[Provided records — start]
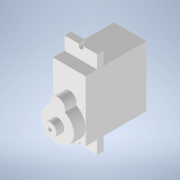
# Autodesk Inventor part: Microservo Mg90
Saved by Autodesk Inventor 2022 (Build 260153000, 153)
## iProperties
Created: 2021-09-13
Part Number: Microservo Mg90
Material: Generic
Document SubType Name: Modeling
Designer: Administrador
Density: 1 g/cm^3
Appearance: Default
Author: Administrador
Autodesk Inventor part; units mm, degrees
ref_plane "YZ Plane" through (0, 0, 0) normal (1, 0, 0) x (0, 1, 0)
ref_plane "XZ Plane" through (0, 0, 0) normal (0, 1, 0) x (-1, 0, 0)
ref_plane "XY Plane" through (0, 0, 0) normal (0, 0, 1) x (1, 0, 0)
sketch "Sketch1" plane through (0, 0, 0) normal (1, 0, 0) x (0, 1, 0)
  line L0 (7, 0) -> (29.5, 0)
  line L1 (0, 0) -> (7, 0)
  line L2 (7, 0) -> (29.5, 0)
  line L3 (29.5, 0) -> (29.5, 15.8)
  line L4 (7, 15.8) -> (7, 0)
  line L5 (29.5, 15.8) -> (34.4, 15.8) construction
  line L6 (2.1, 15.8) -> (2.1, 18.2)
  line L7 (34.4, 18.2) -> (34.4, 15.8)
  line L8 (7, 18.2) -> (7, 22.5)
  line L9 (7, 22.5) -> (29.5, 22.5)
  line L10 (29.5, 22.5) -> (29.5, 18.2)
  line L11 (2.1, 18.2) -> (7, 18.2)
  line L12 (29.5, 18.2) -> (34.4, 18.2)
  line L13 (34.4, 15.8) -> (29.5, 15.8)
  line L14 (7, 15.8) -> (2.1, 15.8)
  dimension "d2" = 22.5
  dimension "d3" = 15.8
  dimension "d5" = 2.4
  dimension "d6" = 4.3
  dimension "d7" = 22.5
  dimension "d8" = 4.3
  dimension "d9" = 2.4
  dimension "d10" = 15.8
  dimension "d13" = 4.9
  dimension "d14" = 4.9
  constraints: 30 end point, 7 perpendicular, 5 parallel, 3 horizontal, 1 vertical
  measures "d2" distance of L0.start L0.end
  measures "d3" distance of L0.end L3.end
  measures "d5" distance of L6.start L6.end
  measures "d6" distance of L8.start L8.end
  measures "d7" distance between parallel lines of L10 L8
  measures "d8" distance between parallel lines of L12 L9
  measures "d9" distance between parallel lines of L12 L5
  measures "d10" distance between parallel lines of L0 L14
  measures "d13" distance from line of L7.start L10
  measures "d14" distance from line of L8 L6.end
extrude "Extrusion1" add sketch "Sketch1" along normal blind 12
sketch "Sketch2" plane through (0, 7, 22.5) normal (0, 0, 1) x (1, 0, 0)
  line L0 (0, 22.5) -> (0, 0) projected
  line L1 (0, 0) -> (12, 0) projected
  line L2 (12, 22.5) -> (12, 0) projected
  line L3 (0, 22.5) -> (12, 22.5) projected
  line L4 (0, 0) -> (12, 0) projected
  line L5 (0, -4.9) -> (12, -4.9) projected
  circle A0 centre (6, 6) radius 0.7 construction
  circle A1 centre (6, 6) radius 2.4 construction
  line L6 (0, 0) -> (12, 0) projected
  arc A2 (3.371, 11.3933) -> (8.629, 11.3933) centre (6, 6) ccw
  line L7 (12, 0) -> (12, 22.5) projected
  arc A3 (8.629, 11.3933) -> (3.371, 11.3933) centre (6, 12.2) ccw
  point P0 (0, -7)
  dimension "d16" = 1.4
  dimension "d17" = 4.8
  dimension "d20" = 5.5
  dimension "d21" = 6
  dimension "d22" = 6.2
  constraints: 4 centre point, 4 point on circle, 2 coincident, 1 tangent
  measures "d16" diameter of A0
  measures "d17" diameter of A1
  measures "d20" diameter of A3
  measures "d21" distance from line of A0.centre L1
  measures "d22" distance of A3.centre A0.centre
extrude "Extrusion2" add sketch "Sketch2" along normal blind 4.3 contours A2 A3
sketch "Sketch3" plane through (0, 7, 26.8) normal (0, 0, 1) x (1, 0, 0)
  circle A0 centre (6, 6) radius 0.7
  circle A1 centre (6, 6) radius 2.4
  dimension "d25" = 1.4
  dimension "d26" = 4.8
  constraints: 2 centre point, 1 coincident
  measures "d25" diameter of A0
  measures "d26" diameter of A1
extrude "Extrusion3" add sketch "Sketch3" along normal blind 2.9
sketch "Sketch4" plane through (0, 29.5, 18.2) normal (0, 0, 1) x (1, 0, 0)
  line L0 (0, -22.5) -> (0, -27.4) projected
  line L1 (0, -27.4) -> (12, -27.4) projected
  line L2 (12, -22.5) -> (12, -27.4) projected
  line L3 (0, -22.5) -> (12, -22.5) projected
  line L4 (0, 4.9) -> (0, 0) projected
  line L5 (0, 0) -> (12, 0) projected
  line L6 (12, 4.9) -> (12, 0) projected
  line L7 (0, 4.9) -> (12, 4.9) projected
  line L8 (0, -16.5) -> (0, -22.5) projected
  line L9 (0, 0) -> (0, -16.5) projected
  line L10 (12, 0) -> (12, -16.5) projected
  line L11 (12, -16.5) -> (12, -22.5) projected
  line L12 (0, -22.5) -> (0, 0) projected
  line L13 (0, -11.25) -> (12, -11.25)
  arc A0 (5.3, 4.9) -> (6.7, 4.9) centre (6, 4.3343) ccw
  line L14 (5.3, 4.9) -> (6.7, 4.9)
  line L15 (0, 4.9) -> (12, 4.9) projected
  arc A1 (6.7, -27.4) -> (5.3, -27.4) centre (6, -26.8343) ccw
  line L16 (5.3, -27.4) -> (6.7, -27.4)
  point P0 (0, -29.5)
  point P1 (5.3, -27.4)
  dimension "d32" = 5.3
  dimension "d33" = 5.3
  dimension "d35" = 0.9
  constraints: 6 end point, 4 point on circle, 3 symmetric about line, 2 centre point, 1 collinear, 1 midpoint, 1 perpendicular, 1 point on line, 1 other
  measures "d32" distance of L6.start L14.end
  measures "d33" distance of L4.start L14.start
  measures "d35" radius of A0
extrude "Extrusion4" cut sketch "Sketch4" against normal up to surface (2.4 mm away) contours A1 L1 | L7 A0
body "Solid1"
[Provided records — finish]
Goal of the exercise >> Wherever the string "normal" appears in the entries, copy that line.

Response below >>
ref_plane "YZ Plane" through (0, 0, 0) normal (1, 0, 0) x (0, 1, 0)
ref_plane "XZ Plane" through (0, 0, 0) normal (0, 1, 0) x (-1, 0, 0)
ref_plane "XY Plane" through (0, 0, 0) normal (0, 0, 1) x (1, 0, 0)
sketch "Sketch1" plane through (0, 0, 0) normal (1, 0, 0) x (0, 1, 0)
extrude "Extrusion1" add sketch "Sketch1" along normal blind 12
sketch "Sketch2" plane through (0, 7, 22.5) normal (0, 0, 1) x (1, 0, 0)
extrude "Extrusion2" add sketch "Sketch2" along normal blind 4.3 contours A2 A3
sketch "Sketch3" plane through (0, 7, 26.8) normal (0, 0, 1) x (1, 0, 0)
extrude "Extrusion3" add sketch "Sketch3" along normal blind 2.9
sketch "Sketch4" plane through (0, 29.5, 18.2) normal (0, 0, 1) x (1, 0, 0)
extrude "Extrusion4" cut sketch "Sketch4" against normal up to surface (2.4 mm away) contours A1 L1 | L7 A0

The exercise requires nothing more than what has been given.